**Required work:**
Restate the listing word for word. Stop at the line that holds "#3=PRODUCT_CONTEXT('',#1,'mechanical');", include it, and leave out all pictures.

**Data under study:**
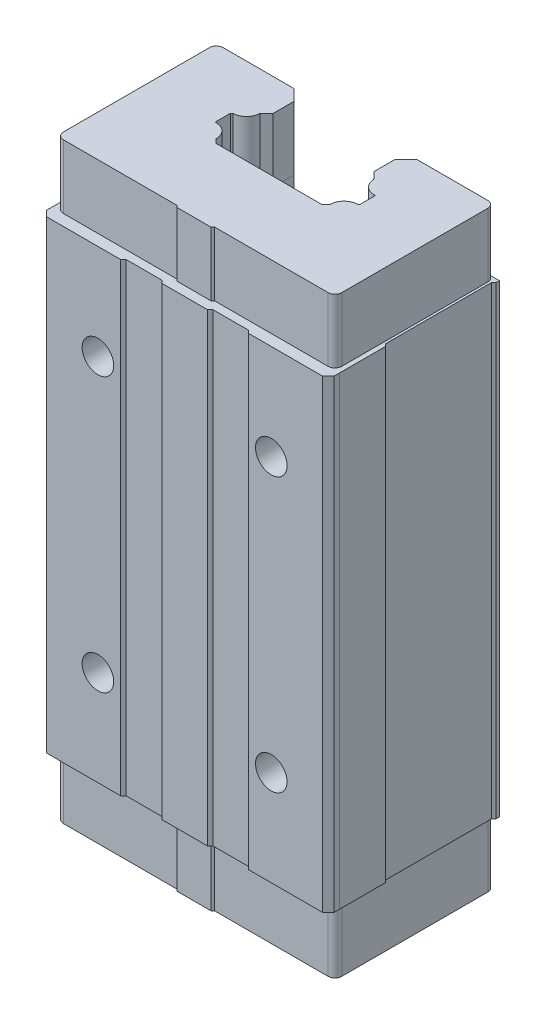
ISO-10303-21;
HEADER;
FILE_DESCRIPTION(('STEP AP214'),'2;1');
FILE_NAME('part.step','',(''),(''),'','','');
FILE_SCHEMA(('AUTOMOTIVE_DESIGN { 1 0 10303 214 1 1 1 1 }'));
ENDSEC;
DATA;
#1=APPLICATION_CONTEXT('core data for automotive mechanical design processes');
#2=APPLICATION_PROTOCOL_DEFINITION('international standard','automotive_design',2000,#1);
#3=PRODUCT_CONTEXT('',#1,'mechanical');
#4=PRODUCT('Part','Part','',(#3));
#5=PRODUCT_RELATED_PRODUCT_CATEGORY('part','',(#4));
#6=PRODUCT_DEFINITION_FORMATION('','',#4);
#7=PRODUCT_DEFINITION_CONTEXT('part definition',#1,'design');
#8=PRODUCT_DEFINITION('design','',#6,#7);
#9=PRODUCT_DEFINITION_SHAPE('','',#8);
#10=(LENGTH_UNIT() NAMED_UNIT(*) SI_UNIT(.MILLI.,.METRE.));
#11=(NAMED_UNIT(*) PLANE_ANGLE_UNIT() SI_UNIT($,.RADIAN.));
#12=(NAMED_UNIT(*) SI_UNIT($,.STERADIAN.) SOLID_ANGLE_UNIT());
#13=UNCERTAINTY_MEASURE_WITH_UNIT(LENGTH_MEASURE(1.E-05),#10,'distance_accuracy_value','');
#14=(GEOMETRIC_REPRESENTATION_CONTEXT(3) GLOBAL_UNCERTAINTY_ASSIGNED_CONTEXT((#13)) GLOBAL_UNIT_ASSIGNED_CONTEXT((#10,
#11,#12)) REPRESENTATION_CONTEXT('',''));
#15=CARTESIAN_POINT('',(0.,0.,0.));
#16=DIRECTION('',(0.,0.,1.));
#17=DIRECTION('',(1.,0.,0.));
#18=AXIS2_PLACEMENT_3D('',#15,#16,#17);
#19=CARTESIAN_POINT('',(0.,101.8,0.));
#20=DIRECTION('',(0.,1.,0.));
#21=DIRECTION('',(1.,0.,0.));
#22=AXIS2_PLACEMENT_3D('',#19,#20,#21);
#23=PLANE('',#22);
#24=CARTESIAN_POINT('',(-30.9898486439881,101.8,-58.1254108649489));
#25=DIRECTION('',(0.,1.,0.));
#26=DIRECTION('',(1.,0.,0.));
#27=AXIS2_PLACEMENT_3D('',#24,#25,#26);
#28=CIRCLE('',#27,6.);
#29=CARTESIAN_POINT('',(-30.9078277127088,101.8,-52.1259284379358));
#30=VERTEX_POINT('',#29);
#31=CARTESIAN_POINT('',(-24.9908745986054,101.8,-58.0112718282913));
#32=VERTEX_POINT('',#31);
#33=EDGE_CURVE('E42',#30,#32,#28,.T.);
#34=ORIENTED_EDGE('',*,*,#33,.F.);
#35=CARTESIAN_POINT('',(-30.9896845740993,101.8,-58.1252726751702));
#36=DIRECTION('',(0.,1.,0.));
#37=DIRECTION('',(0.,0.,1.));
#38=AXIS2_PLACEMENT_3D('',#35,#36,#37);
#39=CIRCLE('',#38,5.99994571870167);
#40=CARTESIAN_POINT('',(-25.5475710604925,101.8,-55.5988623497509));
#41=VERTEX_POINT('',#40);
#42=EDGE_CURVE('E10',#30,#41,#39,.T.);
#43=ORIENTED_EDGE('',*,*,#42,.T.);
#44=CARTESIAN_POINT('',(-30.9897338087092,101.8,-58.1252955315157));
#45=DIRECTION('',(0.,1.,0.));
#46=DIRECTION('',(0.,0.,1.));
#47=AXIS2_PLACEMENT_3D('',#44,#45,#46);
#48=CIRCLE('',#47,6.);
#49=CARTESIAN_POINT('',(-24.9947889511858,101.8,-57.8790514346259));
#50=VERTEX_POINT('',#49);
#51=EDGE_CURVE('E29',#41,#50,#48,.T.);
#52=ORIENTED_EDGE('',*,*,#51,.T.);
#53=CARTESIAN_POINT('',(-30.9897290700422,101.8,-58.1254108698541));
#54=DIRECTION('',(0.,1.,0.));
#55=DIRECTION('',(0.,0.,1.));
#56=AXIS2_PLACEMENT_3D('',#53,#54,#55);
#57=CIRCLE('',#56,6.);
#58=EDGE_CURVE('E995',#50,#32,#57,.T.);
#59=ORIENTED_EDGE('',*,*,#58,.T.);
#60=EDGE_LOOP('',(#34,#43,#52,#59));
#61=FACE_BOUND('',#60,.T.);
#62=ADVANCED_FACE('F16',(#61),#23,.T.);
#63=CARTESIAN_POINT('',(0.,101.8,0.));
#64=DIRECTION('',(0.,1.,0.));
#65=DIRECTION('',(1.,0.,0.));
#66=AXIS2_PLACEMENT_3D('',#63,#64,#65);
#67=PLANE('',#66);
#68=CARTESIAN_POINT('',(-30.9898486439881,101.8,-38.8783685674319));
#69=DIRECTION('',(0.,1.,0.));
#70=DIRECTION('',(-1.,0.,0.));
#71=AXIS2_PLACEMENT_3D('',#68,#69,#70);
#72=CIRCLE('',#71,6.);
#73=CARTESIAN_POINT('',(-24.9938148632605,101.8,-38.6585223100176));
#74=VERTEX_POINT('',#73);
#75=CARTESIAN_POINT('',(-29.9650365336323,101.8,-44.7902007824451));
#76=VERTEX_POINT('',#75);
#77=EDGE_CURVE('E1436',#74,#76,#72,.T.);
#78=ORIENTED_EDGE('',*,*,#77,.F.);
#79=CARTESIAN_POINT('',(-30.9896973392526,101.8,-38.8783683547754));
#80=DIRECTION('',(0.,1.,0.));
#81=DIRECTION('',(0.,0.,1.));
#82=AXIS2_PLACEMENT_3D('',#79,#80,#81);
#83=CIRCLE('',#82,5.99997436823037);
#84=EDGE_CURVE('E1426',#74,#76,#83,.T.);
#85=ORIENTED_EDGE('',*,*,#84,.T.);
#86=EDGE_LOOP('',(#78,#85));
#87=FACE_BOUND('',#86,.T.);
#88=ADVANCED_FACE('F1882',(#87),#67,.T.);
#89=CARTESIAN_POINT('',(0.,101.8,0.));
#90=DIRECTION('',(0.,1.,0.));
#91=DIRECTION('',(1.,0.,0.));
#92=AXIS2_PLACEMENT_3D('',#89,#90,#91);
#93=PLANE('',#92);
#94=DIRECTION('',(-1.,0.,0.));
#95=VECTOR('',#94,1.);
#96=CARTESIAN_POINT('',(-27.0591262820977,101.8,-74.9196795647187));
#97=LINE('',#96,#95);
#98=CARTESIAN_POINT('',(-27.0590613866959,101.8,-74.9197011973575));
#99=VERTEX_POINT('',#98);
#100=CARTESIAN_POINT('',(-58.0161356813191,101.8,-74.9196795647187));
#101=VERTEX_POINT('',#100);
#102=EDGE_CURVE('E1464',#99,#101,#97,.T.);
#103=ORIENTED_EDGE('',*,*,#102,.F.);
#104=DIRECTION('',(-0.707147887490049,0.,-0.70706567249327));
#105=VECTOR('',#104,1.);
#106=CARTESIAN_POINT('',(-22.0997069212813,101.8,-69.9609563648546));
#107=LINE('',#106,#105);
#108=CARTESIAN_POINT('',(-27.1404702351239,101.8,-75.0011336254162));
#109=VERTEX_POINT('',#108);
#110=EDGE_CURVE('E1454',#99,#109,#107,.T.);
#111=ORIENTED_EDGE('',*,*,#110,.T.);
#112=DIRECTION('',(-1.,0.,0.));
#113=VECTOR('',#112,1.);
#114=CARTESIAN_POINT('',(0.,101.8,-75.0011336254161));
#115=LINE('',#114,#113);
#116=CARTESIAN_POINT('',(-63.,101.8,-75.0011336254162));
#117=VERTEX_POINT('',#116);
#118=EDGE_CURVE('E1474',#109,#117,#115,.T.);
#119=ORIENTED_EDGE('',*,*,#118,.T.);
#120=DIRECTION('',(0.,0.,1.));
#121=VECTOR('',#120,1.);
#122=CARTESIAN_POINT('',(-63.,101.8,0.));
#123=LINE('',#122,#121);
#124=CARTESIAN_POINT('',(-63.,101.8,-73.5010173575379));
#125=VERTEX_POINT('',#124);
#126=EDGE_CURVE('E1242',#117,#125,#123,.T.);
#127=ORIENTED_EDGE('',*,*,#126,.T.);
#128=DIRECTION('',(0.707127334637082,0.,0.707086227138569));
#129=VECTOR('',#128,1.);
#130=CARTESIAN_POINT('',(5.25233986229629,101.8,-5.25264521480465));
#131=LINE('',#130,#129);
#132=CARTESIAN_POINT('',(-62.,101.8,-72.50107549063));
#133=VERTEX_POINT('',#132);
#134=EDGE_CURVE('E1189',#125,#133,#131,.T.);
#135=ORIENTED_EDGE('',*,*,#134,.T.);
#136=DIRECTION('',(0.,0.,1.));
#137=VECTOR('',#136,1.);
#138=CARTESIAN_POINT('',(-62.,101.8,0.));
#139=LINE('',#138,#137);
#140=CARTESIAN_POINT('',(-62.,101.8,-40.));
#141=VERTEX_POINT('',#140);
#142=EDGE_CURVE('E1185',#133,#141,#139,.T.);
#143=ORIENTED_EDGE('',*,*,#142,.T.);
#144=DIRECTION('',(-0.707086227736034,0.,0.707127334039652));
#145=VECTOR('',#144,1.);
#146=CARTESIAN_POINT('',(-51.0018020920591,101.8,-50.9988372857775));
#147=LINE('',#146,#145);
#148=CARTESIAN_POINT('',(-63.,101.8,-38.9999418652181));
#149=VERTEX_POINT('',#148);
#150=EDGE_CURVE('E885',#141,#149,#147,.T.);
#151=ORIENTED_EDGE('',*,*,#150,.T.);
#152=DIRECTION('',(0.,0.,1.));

**Answer space:**
ISO-10303-21;
HEADER;
FILE_DESCRIPTION(('STEP AP214'),'2;1');
FILE_NAME('part.step','',(''),(''),'','','');
FILE_SCHEMA(('AUTOMOTIVE_DESIGN { 1 0 10303 214 1 1 1 1 }'));
ENDSEC;
DATA;
#1=APPLICATION_CONTEXT('core data for automotive mechanical design processes');
#2=APPLICATION_PROTOCOL_DEFINITION('international standard','automotive_design',2000,#1);
#3=PRODUCT_CONTEXT('',#1,'mechanical');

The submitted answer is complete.